Closed SubaruSpirit closed 2 years ago

SubaruSpirit commented 2 years ago

In your DQN class, optimize_model method, you read in the experiences in the below order.

states, actions, rewards, next_states, is_terminals = experiences

However in the FCQ class, load method, you load the experiences in the below order.

states, actions, new_states, rewards, is_terminals = experiences

So you have mixed up new_states and rewards. My advice is to swap new_states and rewards in the FCQ class, load method to keep it consistent with the rest of the code. I found out this issue when I'm trying to look at the new_states just to find out my new_states are actually rewards, then I found out this consistency issue.

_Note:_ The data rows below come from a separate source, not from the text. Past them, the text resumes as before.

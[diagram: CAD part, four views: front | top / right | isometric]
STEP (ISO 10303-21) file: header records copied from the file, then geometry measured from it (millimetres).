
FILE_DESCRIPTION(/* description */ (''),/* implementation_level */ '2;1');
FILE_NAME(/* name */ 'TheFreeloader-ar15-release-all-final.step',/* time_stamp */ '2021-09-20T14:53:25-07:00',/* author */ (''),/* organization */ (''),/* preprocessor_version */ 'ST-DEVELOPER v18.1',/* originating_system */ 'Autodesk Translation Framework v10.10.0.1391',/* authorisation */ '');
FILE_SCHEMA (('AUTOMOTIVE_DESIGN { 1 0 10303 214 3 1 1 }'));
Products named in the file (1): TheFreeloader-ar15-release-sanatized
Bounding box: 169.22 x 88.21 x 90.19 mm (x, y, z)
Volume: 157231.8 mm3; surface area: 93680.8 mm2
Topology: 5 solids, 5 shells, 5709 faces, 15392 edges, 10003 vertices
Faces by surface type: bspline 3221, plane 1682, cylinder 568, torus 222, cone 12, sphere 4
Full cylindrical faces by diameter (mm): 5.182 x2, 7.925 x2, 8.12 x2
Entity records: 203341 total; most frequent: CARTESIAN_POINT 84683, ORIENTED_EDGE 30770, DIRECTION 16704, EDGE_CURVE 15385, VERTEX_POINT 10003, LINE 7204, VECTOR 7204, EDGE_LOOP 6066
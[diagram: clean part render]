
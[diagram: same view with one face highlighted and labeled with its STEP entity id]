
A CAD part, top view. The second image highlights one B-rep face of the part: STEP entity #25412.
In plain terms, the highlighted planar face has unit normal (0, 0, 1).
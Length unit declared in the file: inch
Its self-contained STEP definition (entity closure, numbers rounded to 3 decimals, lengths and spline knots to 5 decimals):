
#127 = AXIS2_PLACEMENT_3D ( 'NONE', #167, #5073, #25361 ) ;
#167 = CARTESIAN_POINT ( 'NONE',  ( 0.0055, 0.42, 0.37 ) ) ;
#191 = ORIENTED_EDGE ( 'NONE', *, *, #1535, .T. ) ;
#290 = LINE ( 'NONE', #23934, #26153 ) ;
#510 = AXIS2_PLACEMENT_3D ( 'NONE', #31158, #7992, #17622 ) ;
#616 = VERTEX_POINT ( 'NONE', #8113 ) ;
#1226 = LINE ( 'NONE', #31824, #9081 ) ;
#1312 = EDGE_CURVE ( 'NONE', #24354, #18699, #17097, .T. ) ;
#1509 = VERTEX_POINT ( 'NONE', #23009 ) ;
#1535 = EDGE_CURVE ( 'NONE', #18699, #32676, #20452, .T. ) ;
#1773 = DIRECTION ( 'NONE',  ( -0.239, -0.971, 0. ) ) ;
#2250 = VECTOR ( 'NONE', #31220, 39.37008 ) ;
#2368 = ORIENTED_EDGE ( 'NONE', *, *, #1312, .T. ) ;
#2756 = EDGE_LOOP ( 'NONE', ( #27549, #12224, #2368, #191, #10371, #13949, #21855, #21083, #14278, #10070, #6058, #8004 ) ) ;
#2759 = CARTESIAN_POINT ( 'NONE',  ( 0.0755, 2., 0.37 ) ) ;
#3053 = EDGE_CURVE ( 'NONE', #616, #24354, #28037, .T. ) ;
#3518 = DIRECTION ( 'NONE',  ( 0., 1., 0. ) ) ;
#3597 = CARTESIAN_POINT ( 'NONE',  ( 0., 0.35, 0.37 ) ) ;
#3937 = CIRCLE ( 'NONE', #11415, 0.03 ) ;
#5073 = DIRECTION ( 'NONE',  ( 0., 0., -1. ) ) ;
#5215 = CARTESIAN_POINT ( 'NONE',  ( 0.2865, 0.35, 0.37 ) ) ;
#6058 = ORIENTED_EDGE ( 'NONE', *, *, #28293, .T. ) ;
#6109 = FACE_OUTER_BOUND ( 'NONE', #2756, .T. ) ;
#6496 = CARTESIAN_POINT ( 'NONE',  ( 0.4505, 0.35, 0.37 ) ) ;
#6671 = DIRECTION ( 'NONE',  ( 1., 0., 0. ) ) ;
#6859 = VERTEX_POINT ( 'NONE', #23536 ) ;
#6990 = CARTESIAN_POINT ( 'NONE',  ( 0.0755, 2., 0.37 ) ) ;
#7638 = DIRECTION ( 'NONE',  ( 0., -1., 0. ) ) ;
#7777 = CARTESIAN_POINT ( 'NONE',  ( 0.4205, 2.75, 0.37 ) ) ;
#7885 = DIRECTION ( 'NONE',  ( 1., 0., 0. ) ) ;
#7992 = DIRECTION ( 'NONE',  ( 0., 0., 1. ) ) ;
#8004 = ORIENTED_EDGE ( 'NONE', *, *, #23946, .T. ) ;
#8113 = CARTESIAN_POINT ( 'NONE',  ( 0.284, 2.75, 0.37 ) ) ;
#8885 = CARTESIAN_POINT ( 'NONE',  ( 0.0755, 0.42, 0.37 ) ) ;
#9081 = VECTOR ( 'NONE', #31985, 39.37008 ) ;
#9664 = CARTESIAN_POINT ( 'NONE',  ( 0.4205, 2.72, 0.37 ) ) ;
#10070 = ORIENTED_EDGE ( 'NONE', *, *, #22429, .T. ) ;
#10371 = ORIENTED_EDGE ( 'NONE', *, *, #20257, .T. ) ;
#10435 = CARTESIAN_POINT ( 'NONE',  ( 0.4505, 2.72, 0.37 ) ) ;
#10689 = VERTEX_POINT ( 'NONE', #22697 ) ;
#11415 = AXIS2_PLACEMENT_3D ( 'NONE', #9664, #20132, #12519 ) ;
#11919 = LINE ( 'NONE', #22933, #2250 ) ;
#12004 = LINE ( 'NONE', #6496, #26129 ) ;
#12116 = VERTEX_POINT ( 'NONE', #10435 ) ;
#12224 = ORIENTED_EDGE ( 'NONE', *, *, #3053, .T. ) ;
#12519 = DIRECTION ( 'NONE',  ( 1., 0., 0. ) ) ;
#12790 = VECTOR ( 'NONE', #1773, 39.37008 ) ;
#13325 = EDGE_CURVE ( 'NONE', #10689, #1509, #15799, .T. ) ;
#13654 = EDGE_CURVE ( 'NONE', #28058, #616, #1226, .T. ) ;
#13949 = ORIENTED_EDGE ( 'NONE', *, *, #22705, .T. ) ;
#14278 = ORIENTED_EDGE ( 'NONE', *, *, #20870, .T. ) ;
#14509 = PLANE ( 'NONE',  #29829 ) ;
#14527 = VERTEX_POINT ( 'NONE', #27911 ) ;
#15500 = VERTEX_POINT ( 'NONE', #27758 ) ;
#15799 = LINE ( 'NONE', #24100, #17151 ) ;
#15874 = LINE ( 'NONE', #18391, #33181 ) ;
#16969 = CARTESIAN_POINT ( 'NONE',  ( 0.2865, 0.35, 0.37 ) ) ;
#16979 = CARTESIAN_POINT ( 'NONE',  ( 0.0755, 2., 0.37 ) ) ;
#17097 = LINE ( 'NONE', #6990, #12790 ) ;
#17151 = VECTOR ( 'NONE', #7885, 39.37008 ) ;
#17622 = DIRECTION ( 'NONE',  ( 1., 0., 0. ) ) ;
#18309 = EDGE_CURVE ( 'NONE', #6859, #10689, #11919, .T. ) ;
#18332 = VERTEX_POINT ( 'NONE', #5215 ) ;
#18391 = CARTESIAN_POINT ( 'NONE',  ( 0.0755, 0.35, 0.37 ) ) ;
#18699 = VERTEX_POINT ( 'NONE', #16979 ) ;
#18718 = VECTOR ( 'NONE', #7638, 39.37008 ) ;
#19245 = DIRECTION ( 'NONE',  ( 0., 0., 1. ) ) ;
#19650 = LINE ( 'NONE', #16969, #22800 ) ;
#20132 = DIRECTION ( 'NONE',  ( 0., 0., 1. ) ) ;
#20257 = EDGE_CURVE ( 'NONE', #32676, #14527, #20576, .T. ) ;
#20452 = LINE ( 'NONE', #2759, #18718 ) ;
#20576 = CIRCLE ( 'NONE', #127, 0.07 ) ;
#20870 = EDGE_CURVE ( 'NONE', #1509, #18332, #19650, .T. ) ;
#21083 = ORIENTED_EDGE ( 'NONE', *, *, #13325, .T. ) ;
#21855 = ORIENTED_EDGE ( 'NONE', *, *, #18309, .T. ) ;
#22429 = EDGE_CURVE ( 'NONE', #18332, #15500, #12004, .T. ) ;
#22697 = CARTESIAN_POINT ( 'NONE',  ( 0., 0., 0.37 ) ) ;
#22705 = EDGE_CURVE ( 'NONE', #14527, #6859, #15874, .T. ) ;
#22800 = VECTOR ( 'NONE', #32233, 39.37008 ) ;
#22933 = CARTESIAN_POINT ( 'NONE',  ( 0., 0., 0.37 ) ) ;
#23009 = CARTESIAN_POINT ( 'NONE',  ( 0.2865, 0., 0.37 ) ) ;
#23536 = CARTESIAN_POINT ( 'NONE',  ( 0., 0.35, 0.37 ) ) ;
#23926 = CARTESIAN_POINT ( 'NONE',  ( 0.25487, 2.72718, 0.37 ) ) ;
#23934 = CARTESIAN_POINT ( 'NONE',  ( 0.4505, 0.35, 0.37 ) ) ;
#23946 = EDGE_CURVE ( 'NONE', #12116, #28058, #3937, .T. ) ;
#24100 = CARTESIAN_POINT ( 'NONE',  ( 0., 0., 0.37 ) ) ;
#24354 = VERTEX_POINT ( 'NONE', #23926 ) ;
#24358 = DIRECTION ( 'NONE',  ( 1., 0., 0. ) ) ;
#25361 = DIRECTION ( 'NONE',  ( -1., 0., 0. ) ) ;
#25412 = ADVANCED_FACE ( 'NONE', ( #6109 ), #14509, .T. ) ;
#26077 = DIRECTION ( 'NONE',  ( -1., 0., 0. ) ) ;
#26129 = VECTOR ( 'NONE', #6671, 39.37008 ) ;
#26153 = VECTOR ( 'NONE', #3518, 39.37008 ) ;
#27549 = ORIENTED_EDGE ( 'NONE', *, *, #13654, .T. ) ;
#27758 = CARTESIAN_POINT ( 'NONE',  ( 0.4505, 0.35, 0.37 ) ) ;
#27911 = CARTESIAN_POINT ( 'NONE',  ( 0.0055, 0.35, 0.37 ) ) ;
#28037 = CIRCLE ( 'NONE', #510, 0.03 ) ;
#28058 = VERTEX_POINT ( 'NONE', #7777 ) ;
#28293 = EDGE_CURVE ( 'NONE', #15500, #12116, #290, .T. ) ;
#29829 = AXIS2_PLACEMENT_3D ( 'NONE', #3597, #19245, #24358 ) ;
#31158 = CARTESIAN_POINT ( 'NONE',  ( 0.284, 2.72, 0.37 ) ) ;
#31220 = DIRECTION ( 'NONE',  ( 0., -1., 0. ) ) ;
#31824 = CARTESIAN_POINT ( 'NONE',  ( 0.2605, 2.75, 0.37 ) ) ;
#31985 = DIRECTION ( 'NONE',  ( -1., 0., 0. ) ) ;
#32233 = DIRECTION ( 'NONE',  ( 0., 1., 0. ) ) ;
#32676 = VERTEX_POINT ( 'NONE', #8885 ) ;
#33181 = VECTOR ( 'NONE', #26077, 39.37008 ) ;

mimoralea commented 2 years ago

Great find. Will fix this weekend.

mimoralea commented 2 years ago

The super interesting thing about RL is, why in the world does this agent learn, then?

Outstanding catch, BTW.

SubaruSpirit commented 2 years ago

Wow, never expected you to reply, will leave a good review to your book now as this is valuable for the readers if there are issues in your book or something failed. I do have an issue with your book in Kindle version as the code are in a weird format that are very hard to read.

Let's get back to the question now. I'm honestly surprised why this agent learns, I actually implemented it in MountainCar environment with your code as the base code, it works as well (though I have to change the reward to make sure the agent doesn't get stuck at the bottom)! Then later on when I tried DQN on MountainCarContinuos-v0, it threw me an error, then I tried to find out where went wrong, and I spotted this error. But the funny story is that this mismatch is not the cause for the error, and my agent actually learns well in MountainCar-v0 environment with the mismatch issue. Would be great if you can find out why it still works, even with the mismatch... I will give an update here if I could find the reason as well.

mimoralea commented 2 years ago

Okay, so I think it makes sense. It learns because I do nothing in that function other than load the experiences into the device (either CPU or GPU).

    def load(self, experiences):
        states, actions, new_states, rewards, is_terminals = experiences
        states = torch.from_numpy(states).float().to(self.device)
        actions = torch.from_numpy(actions).long().to(self.device)
        new_states = torch.from_numpy(new_states).float().to(self.device)
        rewards = torch.from_numpy(rewards).float().to(self.device)
        is_terminals = torch.from_numpy(is_terminals).float().to(self.device)
        return states, actions, new_states, rewards, is_terminals

So, in other words, I name the rewards "new_states" and the new_states "rewards," then load them into the device, which doesn't care about the order, finally return the variables in the same order (preserving the correct order). Later, in the optimize function, we load them properly: states, actions, rewards, next_states, is_terminals = experiences.

Right?

Either way, I will clean that up, to avoid confusion.

SubaruSpirit commented 2 years ago

That's correct! Great find :) Thanks for fixing it

mimoralea commented 2 years ago

To you for reporting the issue. Will merge soon. Thanks!